HOW TO COMPLETE THIS TASK. From the line containing "2018-12-15 move changes" down to the line containing "2019-01-27 Flex paramters" in the records below, reproduce every line exactly, ends included, and omit all others.

═════ ENTRIES PROVIDED

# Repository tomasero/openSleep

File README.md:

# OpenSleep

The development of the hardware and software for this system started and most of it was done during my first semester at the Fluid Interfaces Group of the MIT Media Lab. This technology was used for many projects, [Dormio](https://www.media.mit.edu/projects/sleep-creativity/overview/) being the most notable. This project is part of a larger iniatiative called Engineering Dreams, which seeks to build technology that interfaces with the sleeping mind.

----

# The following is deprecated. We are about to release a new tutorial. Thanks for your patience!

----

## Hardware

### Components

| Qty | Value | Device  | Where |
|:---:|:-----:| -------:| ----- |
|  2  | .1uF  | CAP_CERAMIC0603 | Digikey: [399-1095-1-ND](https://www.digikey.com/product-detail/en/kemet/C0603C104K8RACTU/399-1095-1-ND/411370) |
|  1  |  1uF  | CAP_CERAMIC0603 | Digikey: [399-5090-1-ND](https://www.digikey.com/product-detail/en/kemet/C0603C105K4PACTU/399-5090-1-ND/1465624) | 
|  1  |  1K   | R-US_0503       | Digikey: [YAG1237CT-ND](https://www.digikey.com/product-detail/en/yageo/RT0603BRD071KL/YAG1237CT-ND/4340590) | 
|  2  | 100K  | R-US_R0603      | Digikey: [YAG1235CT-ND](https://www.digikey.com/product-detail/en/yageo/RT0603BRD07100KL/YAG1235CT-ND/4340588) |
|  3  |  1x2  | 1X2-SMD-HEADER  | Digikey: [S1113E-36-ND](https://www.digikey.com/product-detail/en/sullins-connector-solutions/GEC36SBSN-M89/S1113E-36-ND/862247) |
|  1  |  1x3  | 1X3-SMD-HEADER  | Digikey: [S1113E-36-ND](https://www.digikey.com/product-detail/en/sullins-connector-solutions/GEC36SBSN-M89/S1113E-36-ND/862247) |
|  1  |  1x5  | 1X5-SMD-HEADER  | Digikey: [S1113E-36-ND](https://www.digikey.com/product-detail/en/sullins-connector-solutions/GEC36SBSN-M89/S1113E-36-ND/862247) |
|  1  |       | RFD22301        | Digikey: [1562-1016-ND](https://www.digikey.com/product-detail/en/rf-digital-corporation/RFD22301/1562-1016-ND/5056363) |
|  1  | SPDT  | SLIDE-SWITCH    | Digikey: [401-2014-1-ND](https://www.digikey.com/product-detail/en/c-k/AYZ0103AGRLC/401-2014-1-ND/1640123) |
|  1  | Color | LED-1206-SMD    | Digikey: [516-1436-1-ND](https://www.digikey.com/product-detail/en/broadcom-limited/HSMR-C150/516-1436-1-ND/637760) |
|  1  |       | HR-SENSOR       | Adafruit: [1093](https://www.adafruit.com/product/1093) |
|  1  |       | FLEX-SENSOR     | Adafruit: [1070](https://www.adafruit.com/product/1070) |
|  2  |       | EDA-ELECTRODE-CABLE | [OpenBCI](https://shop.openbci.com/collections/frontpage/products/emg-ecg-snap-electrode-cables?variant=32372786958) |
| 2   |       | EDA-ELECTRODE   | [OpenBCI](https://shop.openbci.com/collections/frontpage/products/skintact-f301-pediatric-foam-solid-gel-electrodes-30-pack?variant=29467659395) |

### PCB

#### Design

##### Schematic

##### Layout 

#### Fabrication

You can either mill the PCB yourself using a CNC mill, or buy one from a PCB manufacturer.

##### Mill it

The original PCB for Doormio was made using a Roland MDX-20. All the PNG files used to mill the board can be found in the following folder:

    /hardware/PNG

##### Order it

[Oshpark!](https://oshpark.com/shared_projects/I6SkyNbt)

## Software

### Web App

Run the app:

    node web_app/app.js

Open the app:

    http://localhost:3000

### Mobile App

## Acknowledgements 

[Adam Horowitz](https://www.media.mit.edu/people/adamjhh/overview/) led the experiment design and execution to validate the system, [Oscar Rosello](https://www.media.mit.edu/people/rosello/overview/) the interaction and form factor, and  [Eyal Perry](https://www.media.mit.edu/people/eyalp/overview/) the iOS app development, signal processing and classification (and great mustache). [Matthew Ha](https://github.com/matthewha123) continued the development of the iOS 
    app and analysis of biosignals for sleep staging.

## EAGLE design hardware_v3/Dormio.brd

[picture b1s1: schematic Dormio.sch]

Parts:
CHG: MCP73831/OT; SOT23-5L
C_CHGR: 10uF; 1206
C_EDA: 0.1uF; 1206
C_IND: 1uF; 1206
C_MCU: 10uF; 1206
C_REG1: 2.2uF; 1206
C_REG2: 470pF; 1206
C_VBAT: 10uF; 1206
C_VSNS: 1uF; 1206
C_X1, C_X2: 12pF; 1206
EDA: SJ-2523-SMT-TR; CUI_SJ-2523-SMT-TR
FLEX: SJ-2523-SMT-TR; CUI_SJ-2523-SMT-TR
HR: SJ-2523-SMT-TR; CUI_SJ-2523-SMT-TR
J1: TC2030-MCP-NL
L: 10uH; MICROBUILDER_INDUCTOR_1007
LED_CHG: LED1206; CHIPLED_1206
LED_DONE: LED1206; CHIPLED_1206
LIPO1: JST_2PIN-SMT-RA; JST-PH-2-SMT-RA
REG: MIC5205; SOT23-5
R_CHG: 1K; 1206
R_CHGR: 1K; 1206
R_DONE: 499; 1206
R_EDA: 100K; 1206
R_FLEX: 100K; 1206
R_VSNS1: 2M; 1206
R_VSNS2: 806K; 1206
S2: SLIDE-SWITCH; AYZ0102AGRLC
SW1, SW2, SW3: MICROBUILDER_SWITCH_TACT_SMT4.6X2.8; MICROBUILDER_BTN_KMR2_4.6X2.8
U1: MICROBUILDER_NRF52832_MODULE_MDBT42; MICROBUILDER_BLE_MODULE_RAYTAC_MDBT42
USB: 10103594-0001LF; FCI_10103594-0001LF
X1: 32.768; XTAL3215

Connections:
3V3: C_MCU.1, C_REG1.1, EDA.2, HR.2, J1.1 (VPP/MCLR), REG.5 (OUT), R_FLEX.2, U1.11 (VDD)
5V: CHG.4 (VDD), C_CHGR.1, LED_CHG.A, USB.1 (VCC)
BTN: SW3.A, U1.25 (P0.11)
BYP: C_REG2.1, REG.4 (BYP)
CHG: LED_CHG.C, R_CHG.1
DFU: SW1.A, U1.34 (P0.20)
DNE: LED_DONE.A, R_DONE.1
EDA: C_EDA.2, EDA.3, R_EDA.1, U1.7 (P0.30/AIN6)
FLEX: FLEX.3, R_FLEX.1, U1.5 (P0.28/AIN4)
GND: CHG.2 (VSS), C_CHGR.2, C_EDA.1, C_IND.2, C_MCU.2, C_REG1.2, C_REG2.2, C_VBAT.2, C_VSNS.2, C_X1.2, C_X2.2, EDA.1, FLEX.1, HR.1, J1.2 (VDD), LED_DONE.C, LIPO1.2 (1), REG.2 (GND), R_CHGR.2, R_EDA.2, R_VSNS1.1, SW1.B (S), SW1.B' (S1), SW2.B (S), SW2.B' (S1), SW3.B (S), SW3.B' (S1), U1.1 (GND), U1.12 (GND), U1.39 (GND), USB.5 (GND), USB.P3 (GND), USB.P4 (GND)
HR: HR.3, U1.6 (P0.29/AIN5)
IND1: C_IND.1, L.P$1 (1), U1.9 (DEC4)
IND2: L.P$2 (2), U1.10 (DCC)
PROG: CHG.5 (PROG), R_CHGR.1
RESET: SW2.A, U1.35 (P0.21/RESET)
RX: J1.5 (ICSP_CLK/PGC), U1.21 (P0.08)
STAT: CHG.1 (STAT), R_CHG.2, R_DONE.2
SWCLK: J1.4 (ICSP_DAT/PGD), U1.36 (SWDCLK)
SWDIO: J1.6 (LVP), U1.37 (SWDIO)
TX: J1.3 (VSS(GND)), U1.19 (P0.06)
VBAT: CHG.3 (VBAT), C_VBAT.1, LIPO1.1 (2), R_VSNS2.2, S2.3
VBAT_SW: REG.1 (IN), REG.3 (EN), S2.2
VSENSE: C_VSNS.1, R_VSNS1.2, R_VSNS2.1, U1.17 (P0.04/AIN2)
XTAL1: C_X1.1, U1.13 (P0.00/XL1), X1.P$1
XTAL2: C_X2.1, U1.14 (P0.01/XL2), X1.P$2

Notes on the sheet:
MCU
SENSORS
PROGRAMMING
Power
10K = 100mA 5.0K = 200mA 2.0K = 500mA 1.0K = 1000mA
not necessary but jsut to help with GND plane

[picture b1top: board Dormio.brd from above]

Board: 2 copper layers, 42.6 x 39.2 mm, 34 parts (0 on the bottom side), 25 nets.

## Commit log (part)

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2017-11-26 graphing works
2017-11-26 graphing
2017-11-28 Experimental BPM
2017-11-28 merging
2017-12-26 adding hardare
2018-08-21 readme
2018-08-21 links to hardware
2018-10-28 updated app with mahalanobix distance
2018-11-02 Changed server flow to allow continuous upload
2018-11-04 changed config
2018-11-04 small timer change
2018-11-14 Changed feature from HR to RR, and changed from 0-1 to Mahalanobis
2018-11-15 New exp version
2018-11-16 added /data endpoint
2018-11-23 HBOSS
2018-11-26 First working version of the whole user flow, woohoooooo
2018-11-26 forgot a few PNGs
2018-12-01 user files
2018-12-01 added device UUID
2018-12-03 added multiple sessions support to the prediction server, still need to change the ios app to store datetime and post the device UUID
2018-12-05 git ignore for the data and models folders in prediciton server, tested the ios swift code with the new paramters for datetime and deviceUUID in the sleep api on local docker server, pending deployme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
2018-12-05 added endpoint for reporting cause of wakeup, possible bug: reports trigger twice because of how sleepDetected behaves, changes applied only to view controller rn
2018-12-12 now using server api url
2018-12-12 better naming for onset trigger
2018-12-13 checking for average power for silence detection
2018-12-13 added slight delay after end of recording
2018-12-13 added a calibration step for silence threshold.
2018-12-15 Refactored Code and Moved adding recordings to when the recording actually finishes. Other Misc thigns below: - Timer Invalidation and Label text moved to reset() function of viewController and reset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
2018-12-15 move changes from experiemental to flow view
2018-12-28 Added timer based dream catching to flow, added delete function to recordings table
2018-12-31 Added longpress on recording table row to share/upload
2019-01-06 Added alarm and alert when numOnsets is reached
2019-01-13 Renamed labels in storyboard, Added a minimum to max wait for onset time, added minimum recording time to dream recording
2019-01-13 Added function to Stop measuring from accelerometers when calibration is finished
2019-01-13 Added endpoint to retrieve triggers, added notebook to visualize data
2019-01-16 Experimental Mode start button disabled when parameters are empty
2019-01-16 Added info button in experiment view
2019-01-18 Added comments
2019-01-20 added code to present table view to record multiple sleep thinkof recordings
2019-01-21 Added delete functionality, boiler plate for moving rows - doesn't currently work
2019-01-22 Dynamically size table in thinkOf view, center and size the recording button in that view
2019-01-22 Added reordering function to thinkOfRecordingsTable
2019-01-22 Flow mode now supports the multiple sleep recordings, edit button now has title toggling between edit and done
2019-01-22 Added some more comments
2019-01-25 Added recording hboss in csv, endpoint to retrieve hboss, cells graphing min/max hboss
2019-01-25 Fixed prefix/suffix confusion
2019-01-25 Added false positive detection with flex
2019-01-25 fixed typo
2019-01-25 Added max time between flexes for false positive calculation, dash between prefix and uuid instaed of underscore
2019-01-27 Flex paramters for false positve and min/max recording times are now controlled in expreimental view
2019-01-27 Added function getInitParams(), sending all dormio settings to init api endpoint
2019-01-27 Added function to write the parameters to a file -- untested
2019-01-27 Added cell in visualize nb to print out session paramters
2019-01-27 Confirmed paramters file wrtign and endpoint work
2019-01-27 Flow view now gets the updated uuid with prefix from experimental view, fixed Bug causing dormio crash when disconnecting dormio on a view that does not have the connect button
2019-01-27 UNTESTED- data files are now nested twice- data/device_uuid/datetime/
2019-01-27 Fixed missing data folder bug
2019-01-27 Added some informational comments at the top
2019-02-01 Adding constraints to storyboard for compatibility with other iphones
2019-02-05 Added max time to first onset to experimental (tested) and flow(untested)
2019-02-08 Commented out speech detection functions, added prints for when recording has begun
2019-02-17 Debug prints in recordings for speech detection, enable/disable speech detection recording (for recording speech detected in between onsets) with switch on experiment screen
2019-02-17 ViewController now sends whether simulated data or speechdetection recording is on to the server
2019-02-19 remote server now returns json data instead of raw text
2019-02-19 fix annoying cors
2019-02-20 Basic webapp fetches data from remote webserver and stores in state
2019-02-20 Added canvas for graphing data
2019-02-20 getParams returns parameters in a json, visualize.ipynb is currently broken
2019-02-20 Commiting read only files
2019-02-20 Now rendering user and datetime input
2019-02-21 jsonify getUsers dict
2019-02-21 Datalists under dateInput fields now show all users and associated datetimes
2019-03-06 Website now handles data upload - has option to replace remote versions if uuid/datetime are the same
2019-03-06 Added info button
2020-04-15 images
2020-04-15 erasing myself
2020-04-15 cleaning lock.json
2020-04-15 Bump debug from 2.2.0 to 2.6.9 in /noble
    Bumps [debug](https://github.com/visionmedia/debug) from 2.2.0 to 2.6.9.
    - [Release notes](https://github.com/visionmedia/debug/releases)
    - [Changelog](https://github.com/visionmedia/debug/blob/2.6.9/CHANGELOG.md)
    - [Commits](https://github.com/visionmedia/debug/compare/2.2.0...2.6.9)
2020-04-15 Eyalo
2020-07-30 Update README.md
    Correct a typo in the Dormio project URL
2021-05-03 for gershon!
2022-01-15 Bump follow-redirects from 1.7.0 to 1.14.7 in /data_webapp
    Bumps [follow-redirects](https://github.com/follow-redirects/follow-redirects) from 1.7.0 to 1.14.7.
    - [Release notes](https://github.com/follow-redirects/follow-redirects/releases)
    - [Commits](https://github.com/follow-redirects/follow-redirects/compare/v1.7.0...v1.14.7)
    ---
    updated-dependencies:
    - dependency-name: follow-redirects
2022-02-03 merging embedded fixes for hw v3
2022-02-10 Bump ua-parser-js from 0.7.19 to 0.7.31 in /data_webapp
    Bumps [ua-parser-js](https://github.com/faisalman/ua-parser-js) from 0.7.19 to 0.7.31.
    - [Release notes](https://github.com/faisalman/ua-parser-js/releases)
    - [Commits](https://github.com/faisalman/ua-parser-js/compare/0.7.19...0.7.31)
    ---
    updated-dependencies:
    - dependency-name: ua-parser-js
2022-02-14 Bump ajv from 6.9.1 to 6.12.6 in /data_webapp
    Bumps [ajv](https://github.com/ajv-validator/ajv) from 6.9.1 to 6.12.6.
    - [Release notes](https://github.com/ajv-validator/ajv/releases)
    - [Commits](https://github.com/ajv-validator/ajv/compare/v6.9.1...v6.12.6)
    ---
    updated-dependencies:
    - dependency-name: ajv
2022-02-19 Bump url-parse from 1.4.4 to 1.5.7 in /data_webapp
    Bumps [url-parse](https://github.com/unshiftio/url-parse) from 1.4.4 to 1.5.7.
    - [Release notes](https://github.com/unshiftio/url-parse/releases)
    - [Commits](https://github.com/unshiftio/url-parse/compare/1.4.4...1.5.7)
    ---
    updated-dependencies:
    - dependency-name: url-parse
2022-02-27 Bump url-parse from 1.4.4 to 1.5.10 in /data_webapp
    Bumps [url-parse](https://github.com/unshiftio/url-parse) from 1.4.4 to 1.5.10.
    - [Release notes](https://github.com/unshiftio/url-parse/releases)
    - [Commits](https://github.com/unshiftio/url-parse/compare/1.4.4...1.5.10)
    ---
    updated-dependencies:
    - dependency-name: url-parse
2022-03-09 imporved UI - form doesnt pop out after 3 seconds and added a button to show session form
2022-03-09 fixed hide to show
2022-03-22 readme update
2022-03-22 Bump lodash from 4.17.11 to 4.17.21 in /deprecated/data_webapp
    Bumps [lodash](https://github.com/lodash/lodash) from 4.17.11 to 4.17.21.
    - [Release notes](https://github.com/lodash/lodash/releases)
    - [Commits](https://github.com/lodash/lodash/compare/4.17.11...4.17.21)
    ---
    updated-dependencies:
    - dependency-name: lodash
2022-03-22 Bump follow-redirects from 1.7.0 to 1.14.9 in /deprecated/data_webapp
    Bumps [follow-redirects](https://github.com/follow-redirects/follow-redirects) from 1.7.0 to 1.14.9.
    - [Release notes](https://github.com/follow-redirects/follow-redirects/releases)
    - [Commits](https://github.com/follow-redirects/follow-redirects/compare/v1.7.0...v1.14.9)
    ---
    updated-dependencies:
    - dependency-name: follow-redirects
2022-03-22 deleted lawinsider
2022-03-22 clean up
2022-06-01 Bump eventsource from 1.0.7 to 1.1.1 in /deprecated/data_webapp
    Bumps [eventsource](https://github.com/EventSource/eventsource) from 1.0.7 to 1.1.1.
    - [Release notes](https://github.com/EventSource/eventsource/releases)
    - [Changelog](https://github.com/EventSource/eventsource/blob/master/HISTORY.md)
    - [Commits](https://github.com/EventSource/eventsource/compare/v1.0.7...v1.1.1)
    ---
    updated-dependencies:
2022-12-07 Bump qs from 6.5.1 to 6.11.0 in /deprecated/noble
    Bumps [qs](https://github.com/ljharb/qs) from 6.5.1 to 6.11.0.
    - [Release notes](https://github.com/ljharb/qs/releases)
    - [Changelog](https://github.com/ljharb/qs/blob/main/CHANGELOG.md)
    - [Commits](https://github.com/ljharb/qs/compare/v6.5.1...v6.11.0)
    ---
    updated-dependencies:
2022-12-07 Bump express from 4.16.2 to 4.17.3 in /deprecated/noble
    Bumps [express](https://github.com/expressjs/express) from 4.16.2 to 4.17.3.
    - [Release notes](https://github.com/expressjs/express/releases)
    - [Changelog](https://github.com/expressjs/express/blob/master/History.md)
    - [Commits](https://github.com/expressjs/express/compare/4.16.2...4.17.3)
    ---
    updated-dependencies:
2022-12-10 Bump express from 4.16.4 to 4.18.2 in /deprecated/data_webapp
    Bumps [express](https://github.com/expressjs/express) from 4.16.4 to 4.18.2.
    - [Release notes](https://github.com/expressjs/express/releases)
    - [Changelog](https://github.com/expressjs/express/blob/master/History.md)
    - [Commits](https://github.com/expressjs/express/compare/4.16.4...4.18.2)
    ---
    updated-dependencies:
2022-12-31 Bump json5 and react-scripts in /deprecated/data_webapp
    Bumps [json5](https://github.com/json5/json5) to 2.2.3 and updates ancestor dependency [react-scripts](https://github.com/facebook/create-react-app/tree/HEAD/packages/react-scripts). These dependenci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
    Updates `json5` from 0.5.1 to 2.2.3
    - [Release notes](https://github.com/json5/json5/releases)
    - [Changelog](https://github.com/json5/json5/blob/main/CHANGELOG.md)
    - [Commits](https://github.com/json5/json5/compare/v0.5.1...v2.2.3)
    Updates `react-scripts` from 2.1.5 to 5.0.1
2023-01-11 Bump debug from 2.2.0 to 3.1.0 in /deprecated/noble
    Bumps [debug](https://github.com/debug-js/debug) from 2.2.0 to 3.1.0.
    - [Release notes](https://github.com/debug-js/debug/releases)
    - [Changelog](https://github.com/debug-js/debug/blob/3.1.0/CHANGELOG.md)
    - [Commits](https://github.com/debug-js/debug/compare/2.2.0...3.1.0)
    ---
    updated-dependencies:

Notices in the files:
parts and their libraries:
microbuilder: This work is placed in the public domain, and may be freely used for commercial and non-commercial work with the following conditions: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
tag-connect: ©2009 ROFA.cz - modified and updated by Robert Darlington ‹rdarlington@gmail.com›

══════════

ANSWER TO THIS EXERCISE.
2018-12-15 move changes from experiemental to flow view
2018-12-28 Added timer based dream catching to flow, added delete function to recordings table
2018-12-31 Added longpress on recording table row to share/upload
2019-01-06 Added alarm and alert when numOnsets is reached
2019-01-13 Renamed labels in storyboard, Added a minimum to max wait for onset time, added minimum recording time to dream recording
2019-01-13 Added function to Stop measuring from accelerometers when calibration is finished
2019-01-13 Added endpoint to retrieve triggers, added notebook to visualize data
2019-01-16 Experimental Mode start button disabled when parameters are empty
2019-01-16 Added info button in experiment view
2019-01-18 Added comments
2019-01-20 added code to present table view to record multiple sleep thinkof recordings
2019-01-21 Added delete functionality, boiler plate for moving rows - doesn't currently work
2019-01-22 Dynamically size table in thinkOf view, center and size the recording button in that view
2019-01-22 Added reordering function to thinkOfRecordingsTable
2019-01-22 Flow mode now supports the multiple sleep recordings, edit button now has title toggling between edit and done
2019-01-22 Added some more comments
2019-01-25 Added recording hboss in csv, endpoint to retrieve hboss, cells graphing min/max hboss
2019-01-25 Fixed prefix/suffix confusion
2019-01-25 Added false positive detection with flex
2019-01-25 fixed typo
2019-01-25 Added max time between flexes for false positive calculation, dash between prefix and uuid instaed of underscore
2019-01-27 Flex paramters for false positve and min/max recording times are now controlled in expreimental view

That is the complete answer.